(DATA PROVIDED Opens)

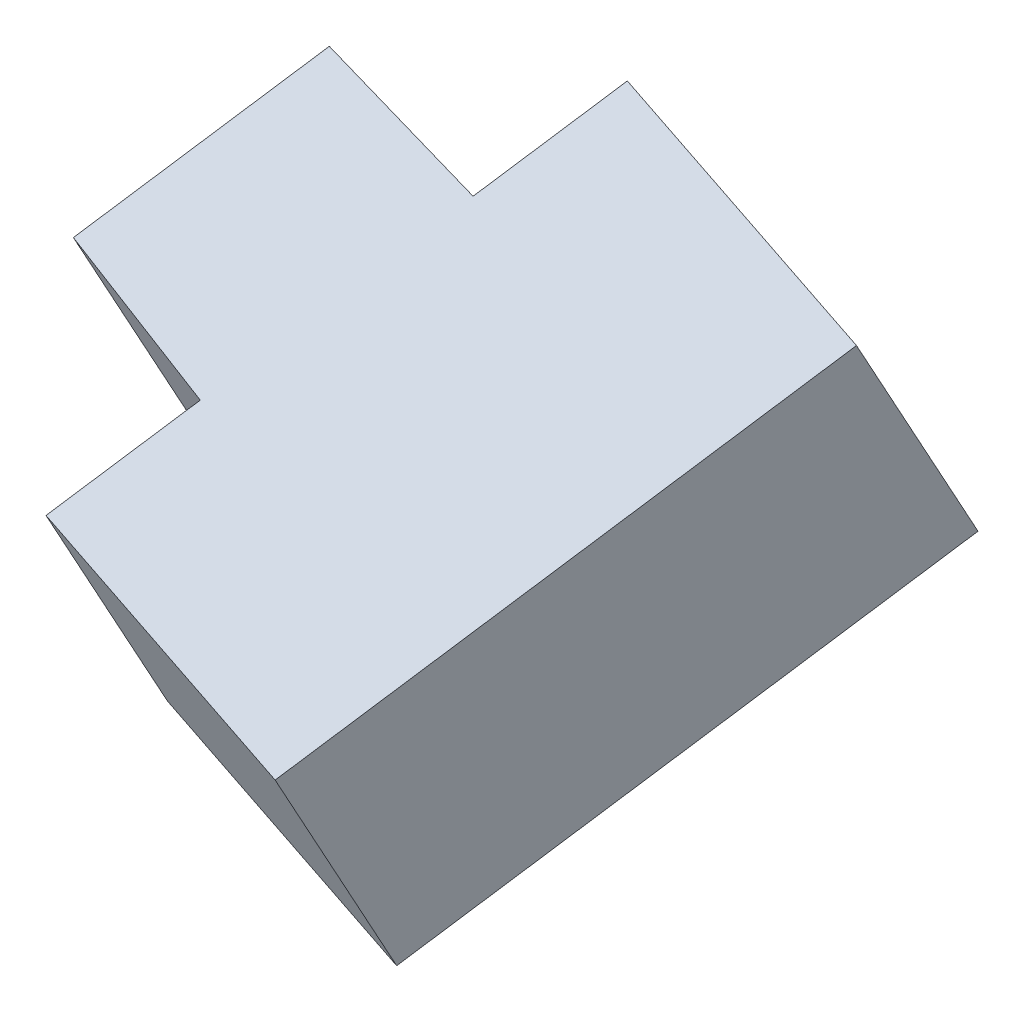
ISO-10303-21;
HEADER;
FILE_DESCRIPTION(('STEP AP214'),'2;1');
FILE_NAME('part.step','',(''),(''),'','','');
FILE_SCHEMA(('AUTOMOTIVE_DESIGN { 1 0 10303 214 1 1 1 1 }'));
ENDSEC;
DATA;
#1=APPLICATION_CONTEXT('core data for automotive mechanical design processes');
#2=APPLICATION_PROTOCOL_DEFINITION('international standard','automotive_design',2000,#1);
#3=PRODUCT_CONTEXT('',#1,'mechanical');
#4=PRODUCT('Part','Part','',(#3));
#5=PRODUCT_RELATED_PRODUCT_CATEGORY('part','',(#4));
#6=PRODUCT_DEFINITION_FORMATION('','',#4);
#7=PRODUCT_DEFINITION_CONTEXT('part definition',#1,'design');
#8=PRODUCT_DEFINITION('design','',#6,#7);
#9=PRODUCT_DEFINITION_SHAPE('','',#8);
#10=(LENGTH_UNIT() NAMED_UNIT(*) SI_UNIT(.MILLI.,.METRE.));
#11=(NAMED_UNIT(*) PLANE_ANGLE_UNIT() SI_UNIT($,.RADIAN.));
#12=(NAMED_UNIT(*) SI_UNIT($,.STERADIAN.) SOLID_ANGLE_UNIT());
#13=UNCERTAINTY_MEASURE_WITH_UNIT(LENGTH_MEASURE(1.E-05),#10,'distance_accuracy_value','');
#14=(GEOMETRIC_REPRESENTATION_CONTEXT(3) GLOBAL_UNCERTAINTY_ASSIGNED_CONTEXT((#13)) GLOBAL_UNIT_ASSIGNED_CONTEXT((#10,
#11,#12)) REPRESENTATION_CONTEXT('',''));
#15=CARTESIAN_POINT('',(0.,0.,0.));
#16=DIRECTION('',(0.,0.,1.));
#17=DIRECTION('',(1.,0.,0.));
#18=AXIS2_PLACEMENT_3D('',#15,#16,#17);
#19=CARTESIAN_POINT('',(-24.55919831002,264.954932613117,-56.2331651011142));
#20=DIRECTION('',(-0.948683298050514,0.,-0.316227766016838));
#21=DIRECTION('',(-0.316227766016838,0.,0.948683298050514));
#22=AXIS2_PLACEMENT_3D('',#19,#20,#21);
#23=PLANE('',#22);
#24=DIRECTION('',(0.282555355269368,0.449026404664588,-0.847666065808107));
#25=VECTOR('',#24,1.);
#26=CARTESIAN_POINT('',(-23.707230609042,259.593821686741,-58.789068204048));
#27=LINE('',#26,#25);
#28=CARTESIAN_POINT('',(-27.7825891063188,253.117414357611,-46.5629927122176));
#29=VERTEX_POINT('',#28);
#30=CARTESIAN_POINT('',(-23.707230609042,259.593821686741,-58.789068204048));
#31=VERTEX_POINT('',#30);
#32=EDGE_CURVE('E140',#29,#31,#27,.T.);
#33=ORIENTED_EDGE('',*,*,#32,.T.);
#34=DIRECTION('',(0.141994616829656,-0.893518487729266,-0.425983850488964));
#35=VECTOR('',#34,1.);
#36=CARTESIAN_POINT('',(-24.55919831002,264.954932613117,-56.2331651011142));
#37=LINE('',#36,#35);
#38=CARTESIAN_POINT('',(-24.55919831002,264.954932613117,-56.2331651011142));
#39=VERTEX_POINT('',#38);
#40=EDGE_CURVE('E11',#39,#31,#37,.T.);
#41=ORIENTED_EDGE('',*,*,#40,.F.);
#42=DIRECTION('',(0.282555355269368,0.449026404664588,-0.847666065808107));
#43=VECTOR('',#42,1.);
#44=CARTESIAN_POINT('',(-24.55919831002,264.954932613117,-56.2331651011142));
#45=LINE('',#44,#43);
#46=CARTESIAN_POINT('',(-28.6345568072968,258.478525283987,-44.0070896092838));
#47=VERTEX_POINT('',#46);
#48=EDGE_CURVE('E162',#47,#39,#45,.T.);
#49=ORIENTED_EDGE('',*,*,#48,.F.);
#50=DIRECTION('',(0.141994616829656,-0.893518487729266,-0.425983850488964));
#51=VECTOR('',#50,1.);
#52=CARTESIAN_POINT('',(-28.6345568072968,258.478525283987,-44.0070896092838));
#53=LINE('',#52,#51);
#54=EDGE_CURVE('E136',#47,#29,#53,.T.);
#55=ORIENTED_EDGE('',*,*,#54,.T.);
#56=EDGE_LOOP('',(#33,#41,#49,#55));
#57=FACE_BOUND('',#56,.T.);
#58=ADVANCED_FACE('F39',(#57),#23,.F.);
#59=CARTESIAN_POINT('',(-34.1978206182132,264.954932613117,-59.4460392038453));
#60=DIRECTION('',(-0.282555355269369,-0.449026404664586,0.847666065808108));
#61=DIRECTION('',(0.,-0.88367494046767,-0.468101057026642));
#62=AXIS2_PLACEMENT_3D('',#59,#60,#61);
#63=PLANE('',#62);
#64=DIRECTION('',(-0.948683298050514,0.,-0.316227766016838));
#65=VECTOR('',#64,1.);
#66=CARTESIAN_POINT('',(-33.3458529172353,259.593821686741,-62.0019423067791));
#67=LINE('',#66,#65);
#68=CARTESIAN_POINT('',(-33.3458529172353,259.593821686741,-62.0019423067791));
#69=VERTEX_POINT('',#68);
#70=EDGE_CURVE('E144',#31,#69,#67,.T.);
#71=ORIENTED_EDGE('',*,*,#70,.T.);
#72=DIRECTION('',(0.141994616829656,-0.893518487729266,-0.425983850488964));
#73=VECTOR('',#72,1.);
#74=CARTESIAN_POINT('',(-34.1978206182132,264.954932613117,-59.4460392038453));
#75=LINE('',#74,#73);
#76=CARTESIAN_POINT('',(-34.1978206182132,264.954932613117,-59.4460392038453));
#77=VERTEX_POINT('',#76);
#78=EDGE_CURVE('E48',#77,#69,#75,.T.);
#79=ORIENTED_EDGE('',*,*,#78,.F.);
#80=DIRECTION('',(-0.948683298050513,0.,-0.316227766016841));
#81=VECTOR('',#80,1.);
#82=CARTESIAN_POINT('',(-26.2705040674265,264.954932613117,-56.8036003535831));
#83=LINE('',#82,#81);
#84=EDGE_CURVE('E99',#39,#77,#83,.T.);
#85=ORIENTED_EDGE('',*,*,#84,.F.);
#86=ORIENTED_EDGE('',*,*,#40,.T.);
#87=EDGE_LOOP('',(#71,#79,#85,#86));
#88=FACE_BOUND('',#87,.T.);
#89=ADVANCED_FACE('F208',(#88),#63,.F.);
#90=CARTESIAN_POINT('',(-35.2791843112913,263.2364698688,-56.2019481246111));
#91=DIRECTION('',(0.948683298050514,0.,0.316227766016836));
#92=DIRECTION('',(0.316227766016836,0.,-0.948683298050514));
#93=AXIS2_PLACEMENT_3D('',#90,#91,#92);
#94=PLANE('',#93);
#95=DIRECTION('',(-0.282555355269367,-0.44902640466459,0.847666065808107));
#96=VECTOR('',#95,1.);
#97=CARTESIAN_POINT('',(-34.4272166103133,257.875358942424,-58.7578512275448));
#98=LINE('',#97,#96);
#99=CARTESIAN_POINT('',(-34.4272166103133,257.875358942424,-58.7578512275448));
#100=VERTEX_POINT('',#99);
#101=EDGE_CURVE('E147',#69,#100,#98,.T.);
#102=ORIENTED_EDGE('',*,*,#101,.T.);
#103=DIRECTION('',(0.141994616829656,-0.893518487729266,-0.425983850488964));
#104=VECTOR('',#103,1.);
#105=CARTESIAN_POINT('',(-35.2791843112913,263.2364698688,-56.2019481246111));
#106=LINE('',#105,#104);
#107=CARTESIAN_POINT('',(-35.2791843112913,263.2364698688,-56.2019481246111));
#108=VERTEX_POINT('',#107);
#109=EDGE_CURVE('E173',#108,#100,#106,.T.);
#110=ORIENTED_EDGE('',*,*,#109,.F.);
#111=DIRECTION('',(-0.282555355269367,-0.44902640466459,0.847666065808107));
#112=VECTOR('',#111,1.);
#113=CARTESIAN_POINT('',(-35.2791843112913,263.2364698688,-56.2019481246111));
#114=LINE('',#113,#112);
#115=EDGE_CURVE('E183',#77,#108,#114,.T.);
#116=ORIENTED_EDGE('',*,*,#115,.F.);
#117=ORIENTED_EDGE('',*,*,#78,.T.);
#118=EDGE_LOOP('',(#102,#110,#116,#117));
#119=FACE_BOUND('',#118,.T.);
#120=ADVANCED_FACE('F181',(#119),#94,.F.);
#121=CARTESIAN_POINT('',(-41.0304864021741,263.142387783362,-57.9217078129717));
#122=DIRECTION('',(-0.249274660549307,-0.448752869911152,0.858185880421329));
#123=DIRECTION('',(0.,-0.886159426893028,-0.463380480953418));
#124=AXIS2_PLACEMENT_3D('',#121,#122,#123);
#125=PLANE('',#124);
#126=DIRECTION('',(-0.957966425507401,-0.0156707955289259,-0.286452009537486));
#127=VECTOR('',#126,1.);
#128=CARTESIAN_POINT('',(-40.1785187011962,257.781276856986,-60.4776109159054));
#129=LINE('',#128,#127);
#130=CARTESIAN_POINT('',(-40.1785187011962,257.781276856986,-60.4776109159054));
#131=VERTEX_POINT('',#130);
#132=EDGE_CURVE('E150',#100,#131,#129,.T.);
#133=ORIENTED_EDGE('',*,*,#132,.T.);
#134=DIRECTION('',(0.141994616829656,-0.893518487729266,-0.425983850488964));
#135=VECTOR('',#134,1.);
#136=CARTESIAN_POINT('',(-41.0304864021741,263.142387783362,-57.9217078129717));
#137=LINE('',#136,#135);
#138=CARTESIAN_POINT('',(-41.0304864021741,263.142387783362,-57.9217078129717));
#139=VERTEX_POINT('',#138);
#140=EDGE_CURVE('E169',#139,#131,#137,.T.);
#141=ORIENTED_EDGE('',*,*,#140,.F.);
#142=DIRECTION('',(-0.957966425507401,-0.0156707955289259,-0.286452009537486));
#143=VECTOR('',#142,1.);
#144=CARTESIAN_POINT('',(-41.0304864021741,263.142387783362,-57.9217078129717));
#145=LINE('',#144,#143);
#146=EDGE_CURVE('E196',#108,#139,#145,.T.);
#147=ORIENTED_EDGE('',*,*,#146,.F.);
#148=ORIENTED_EDGE('',*,*,#109,.T.);
#149=EDGE_LOOP('',(#133,#141,#147,#148));
#150=FACE_BOUND('',#149,.T.);
#151=ADVANCED_FACE('F191',(#150),#125,.F.);
#152=CARTESIAN_POINT('',(-42.8247129081345,260.291070113742,-52.5390282950903));
#153=DIRECTION('',(0.948683298050514,0.,0.316227766016838));
#154=DIRECTION('',(0.316227766016838,0.,-0.948683298050514));
#155=AXIS2_PLACEMENT_3D('',#152,#153,#154);
#156=PLANE('',#155);
#157=DIRECTION('',(-0.282555355269368,-0.449026404664588,0.847666065808108));
#158=VECTOR('',#157,1.);
#159=CARTESIAN_POINT('',(-41.9727452071566,254.929959187366,-55.0949313980241));
#160=LINE('',#159,#158);
#161=CARTESIAN_POINT('',(-41.9727452071566,254.929959187366,-55.0949313980241));
#162=VERTEX_POINT('',#161);
#163=EDGE_CURVE('E153',#131,#162,#160,.T.);
#164=ORIENTED_EDGE('',*,*,#163,.T.);
#165=DIRECTION('',(0.141994616829656,-0.893518487729266,-0.425983850488964));
#166=VECTOR('',#165,1.);
#167=CARTESIAN_POINT('',(-42.8247129081345,260.291070113742,-52.5390282950903));
#168=LINE('',#167,#166);
#169=CARTESIAN_POINT('',(-42.8247129081345,260.291070113742,-52.5390282950903));
#170=VERTEX_POINT('',#169);
#171=EDGE_CURVE('E129',#170,#162,#168,.T.);
#172=ORIENTED_EDGE('',*,*,#171,.F.);
#173=DIRECTION('',(-0.282555355269368,-0.449026404664588,0.847666065808108));
#174=VECTOR('',#173,1.);
#175=CARTESIAN_POINT('',(-42.8247129081345,260.291070113742,-52.5390282950903));
#176=LINE('',#175,#174);
#177=EDGE_CURVE('E118',#139,#170,#176,.T.);
#178=ORIENTED_EDGE('',*,*,#177,.F.);
#179=ORIENTED_EDGE('',*,*,#140,.T.);
#180=EDGE_LOOP('',(#164,#172,#178,#179));
#181=FACE_BOUND('',#180,.T.);
#182=ADVANCED_FACE('F194',(#181),#156,.F.);
#183=CARTESIAN_POINT('',(-37.1918154224119,260.196988028304,-50.4640547912491));
#184=DIRECTION('',(0.315491799813351,0.448752869911152,-0.836113500666648));
#185=DIRECTION('',(0.,0.881113460327662,0.472904927051319));
#186=AXIS2_PLACEMENT_3D('',#183,#184,#185);
#187=PLANE('',#186);
#188=DIRECTION('',(0.938244346128411,-0.0156707955289167,0.345618247674455));
#189=VECTOR('',#188,1.);
#190=CARTESIAN_POINT('',(-36.339847721434,254.835877101928,-53.0199578941829));
#191=LINE('',#190,#189);
#192=CARTESIAN_POINT('',(-36.339847721434,254.835877101928,-53.0199578941829));
#193=VERTEX_POINT('',#192);
#194=EDGE_CURVE('E127',#162,#193,#191,.T.);
#195=ORIENTED_EDGE('',*,*,#194,.T.);
#196=DIRECTION('',(0.141994616829656,-0.893518487729266,-0.425983850488964));
#197=VECTOR('',#196,1.);
#198=CARTESIAN_POINT('',(-37.1918154224119,260.196988028304,-50.4640547912491));
#199=LINE('',#198,#197);
#200=CARTESIAN_POINT('',(-37.1918154224119,260.196988028304,-50.4640547912491));
#201=VERTEX_POINT('',#200);
#202=EDGE_CURVE('E124',#201,#193,#199,.T.);
#203=ORIENTED_EDGE('',*,*,#202,.F.);
#204=DIRECTION('',(0.938244346128411,-0.0156707955289167,0.345618247674455));
#205=VECTOR('',#204,1.);
#206=CARTESIAN_POINT('',(-37.1918154224119,260.196988028304,-50.4640547912491));
#207=LINE('',#206,#205);
#208=EDGE_CURVE('E112',#170,#201,#207,.T.);
#209=ORIENTED_EDGE('',*,*,#208,.F.);
#210=ORIENTED_EDGE('',*,*,#171,.T.);
#211=EDGE_LOOP('',(#195,#203,#209,#210));
#212=FACE_BOUND('',#211,.T.);
#213=ADVANCED_FACE('F125',(#212),#187,.F.);
#214=CARTESIAN_POINT('',(-38.27317911549,258.478525283987,-47.2199637120149));
#215=DIRECTION('',(0.948683298050514,0.,0.316227766016837));
#216=DIRECTION('',(0.316227766016837,0.,-0.948683298050514));
#217=AXIS2_PLACEMENT_3D('',#214,#215,#216);
#218=PLANE('',#217);
#219=DIRECTION('',(-0.282555355269367,-0.449026404664593,0.847666065808105));
#220=VECTOR('',#219,1.);
#221=CARTESIAN_POINT('',(-37.421211414512,253.117414357611,-49.7758668149487));
#222=LINE('',#221,#220);
#223=CARTESIAN_POINT('',(-37.421211414512,253.117414357611,-49.7758668149487));
#224=VERTEX_POINT('',#223);
#225=EDGE_CURVE('E85',#193,#224,#222,.T.);
#226=ORIENTED_EDGE('',*,*,#225,.T.);
#227=DIRECTION('',(0.141994616829656,-0.893518487729266,-0.425983850488964));
#228=VECTOR('',#227,1.);
#229=CARTESIAN_POINT('',(-38.27317911549,258.478525283987,-47.2199637120149));
#230=LINE('',#229,#228);
#231=CARTESIAN_POINT('',(-38.27317911549,258.478525283987,-47.2199637120149));
#232=VERTEX_POINT('',#231);
#233=EDGE_CURVE('E130',#232,#224,#230,.T.);
#234=ORIENTED_EDGE('',*,*,#233,.F.);
#235=DIRECTION('',(-0.282555355269367,-0.449026404664593,0.847666065808105));
#236=VECTOR('',#235,1.);
#237=CARTESIAN_POINT('',(-38.27317911549,258.478525283987,-47.2199637120149));
#238=LINE('',#237,#236);
#239=EDGE_CURVE('E116',#201,#232,#238,.T.);
#240=ORIENTED_EDGE('',*,*,#239,.F.);
#241=ORIENTED_EDGE('',*,*,#202,.T.);
#242=EDGE_LOOP('',(#226,#234,#240,#241));
#243=FACE_BOUND('',#242,.T.);
#244=ADVANCED_FACE('F132',(#243),#218,.F.);
#245=CARTESIAN_POINT('',(-28.6345568072968,258.478525283987,-44.0070896092838));
#246=DIRECTION('',(0.28255535526937,0.449026404664586,-0.847666065808108));
#247=DIRECTION('',(0.,0.88367494046767,0.468101057026642));
#248=AXIS2_PLACEMENT_3D('',#245,#246,#247);
#249=PLANE('',#248);
#250=DIRECTION('',(0.948683298050514,0.,0.316227766016838));
#251=VECTOR('',#250,1.);
#252=CARTESIAN_POINT('',(-27.7825891063188,253.117414357611,-46.5629927122176));
#253=LINE('',#252,#251);
#254=EDGE_CURVE('E91',#224,#29,#253,.T.);
#255=ORIENTED_EDGE('',*,*,#254,.T.);
#256=ORIENTED_EDGE('',*,*,#54,.F.);
#257=DIRECTION('',(0.948683298050514,0.,0.316227766016838));
#258=VECTOR('',#257,1.);
#259=CARTESIAN_POINT('',(-28.6345568072968,258.478525283987,-44.0070896092838));
#260=LINE('',#259,#258);
#261=EDGE_CURVE('E56',#232,#47,#260,.T.);
#262=ORIENTED_EDGE('',*,*,#261,.F.);
#263=ORIENTED_EDGE('',*,*,#233,.T.);
#264=EDGE_LOOP('',(#255,#256,#262,#263));
#265=FACE_BOUND('',#264,.T.);
#266=ADVANCED_FACE('F224',(#265),#249,.F.);
#267=CARTESIAN_POINT('',(-30.7098835487489,193.245697051588,92.1296506462466));
#268=DIRECTION('',(0.141994616829656,-0.893518487729266,-0.425983850488966));
#269=DIRECTION('',(0.,0.430344344725873,-0.902664802106773));
#270=AXIS2_PLACEMENT_3D('',#267,#268,#269);
#271=PLANE('',#270);
#272=ORIENTED_EDGE('',*,*,#48,.T.);
#273=ORIENTED_EDGE('',*,*,#84,.T.);
#274=ORIENTED_EDGE('',*,*,#115,.T.);
#275=ORIENTED_EDGE('',*,*,#146,.T.);
#276=ORIENTED_EDGE('',*,*,#177,.T.);
#277=ORIENTED_EDGE('',*,*,#208,.T.);
#278=ORIENTED_EDGE('',*,*,#239,.T.);
#279=ORIENTED_EDGE('',*,*,#261,.T.);
#280=EDGE_LOOP('',(#272,#273,#274,#275,#276,#277,#278,#279));
#281=FACE_BOUND('',#280,.T.);
#282=ADVANCED_FACE('F114',(#281),#271,.F.);
#283=CARTESIAN_POINT('',(-29.857915847771,187.884586125213,89.5737475433128));
#284=DIRECTION('',(0.141994616829656,-0.893518487729266,-0.425983850488966));
#285=DIRECTION('',(0.,0.430344344725873,-0.902664802106773));
#286=AXIS2_PLACEMENT_3D('',#283,#284,#285);
#287=PLANE('',#286);
#288=ORIENTED_EDGE('',*,*,#32,.F.);
#289=ORIENTED_EDGE('',*,*,#254,.F.);
#290=ORIENTED_EDGE('',*,*,#225,.F.);
#291=ORIENTED_EDGE('',*,*,#194,.F.);
#292=ORIENTED_EDGE('',*,*,#163,.F.);
#293=ORIENTED_EDGE('',*,*,#132,.F.);
#294=ORIENTED_EDGE('',*,*,#101,.F.);
#295=ORIENTED_EDGE('',*,*,#70,.F.);
#296=EDGE_LOOP('',(#288,#289,#290,#291,#292,#293,#294,#295));
#297=FACE_BOUND('',#296,.T.);
#298=ADVANCED_FACE('F187',(#297),#287,.T.);
#299=CLOSED_SHELL('',(#58,#89,#120,#151,#182,#213,#244,#266,#282,#298));
#300=MANIFOLD_SOLID_BREP('B2',#299);
#301=ADVANCED_BREP_SHAPE_REPRESENTATION('',(#18,#300),#14);
#302=SHAPE_DEFINITION_REPRESENTATION(#9,#301);
ENDSEC;
END-ISO-10303-21;

(DATA PROVIDED Closes)

### WORK ORDER:
Pictures are to be left out, and the lines from the beginning of the records through the line with "#25=VECTOR('',#24,1.);" are to be printed exactly, with nothing added.

### TASK SOLUTION:
ISO-10303-21;
HEADER;
FILE_DESCRIPTION(('STEP AP214'),'2;1');
FILE_NAME('part.step','',(''),(''),'','','');
FILE_SCHEMA(('AUTOMOTIVE_DESIGN { 1 0 10303 214 1 1 1 1 }'));
ENDSEC;
DATA;
#1=APPLICATION_CONTEXT('core data for automotive mechanical design processes');
#2=APPLICATION_PROTOCOL_DEFINITION('international standard','automotive_design',2000,#1);
#3=PRODUCT_CONTEXT('',#1,'mechanical');
#4=PRODUCT('Part','Part','',(#3));
#5=PRODUCT_RELATED_PRODUCT_CATEGORY('part','',(#4));
#6=PRODUCT_DEFINITION_FORMATION('','',#4);
#7=PRODUCT_DEFINITION_CONTEXT('part definition',#1,'design');
#8=PRODUCT_DEFINITION('design','',#6,#7);
#9=PRODUCT_DEFINITION_SHAPE('','',#8);
#10=(LENGTH_UNIT() NAMED_UNIT(*) SI_UNIT(.MILLI.,.METRE.));
#11=(NAMED_UNIT(*) PLANE_ANGLE_UNIT() SI_UNIT($,.RADIAN.));
#12=(NAMED_UNIT(*) SI_UNIT($,.STERADIAN.) SOLID_ANGLE_UNIT());
#13=UNCERTAINTY_MEASURE_WITH_UNIT(LENGTH_MEASURE(1.E-05),#10,'distance_accuracy_value','');
#14=(GEOMETRIC_REPRESENTATION_CONTEXT(3) GLOBAL_UNCERTAINTY_ASSIGNED_CONTEXT((#13)) GLOBAL_UNIT_ASSIGNED_CONTEXT((#10,
#11,#12)) REPRESENTATION_CONTEXT('',''));
#15=CARTESIAN_POINT('',(0.,0.,0.));
#16=DIRECTION('',(0.,0.,1.));
#17=DIRECTION('',(1.,0.,0.));
#18=AXIS2_PLACEMENT_3D('',#15,#16,#17);
#19=CARTESIAN_POINT('',(-24.55919831002,264.954932613117,-56.2331651011142));
#20=DIRECTION('',(-0.948683298050514,0.,-0.316227766016838));
#21=DIRECTION('',(-0.316227766016838,0.,0.948683298050514));
#22=AXIS2_PLACEMENT_3D('',#19,#20,#21);
#23=PLANE('',#22);
#24=DIRECTION('',(0.282555355269368,0.449026404664588,-0.847666065808107));
#25=VECTOR('',#24,1.);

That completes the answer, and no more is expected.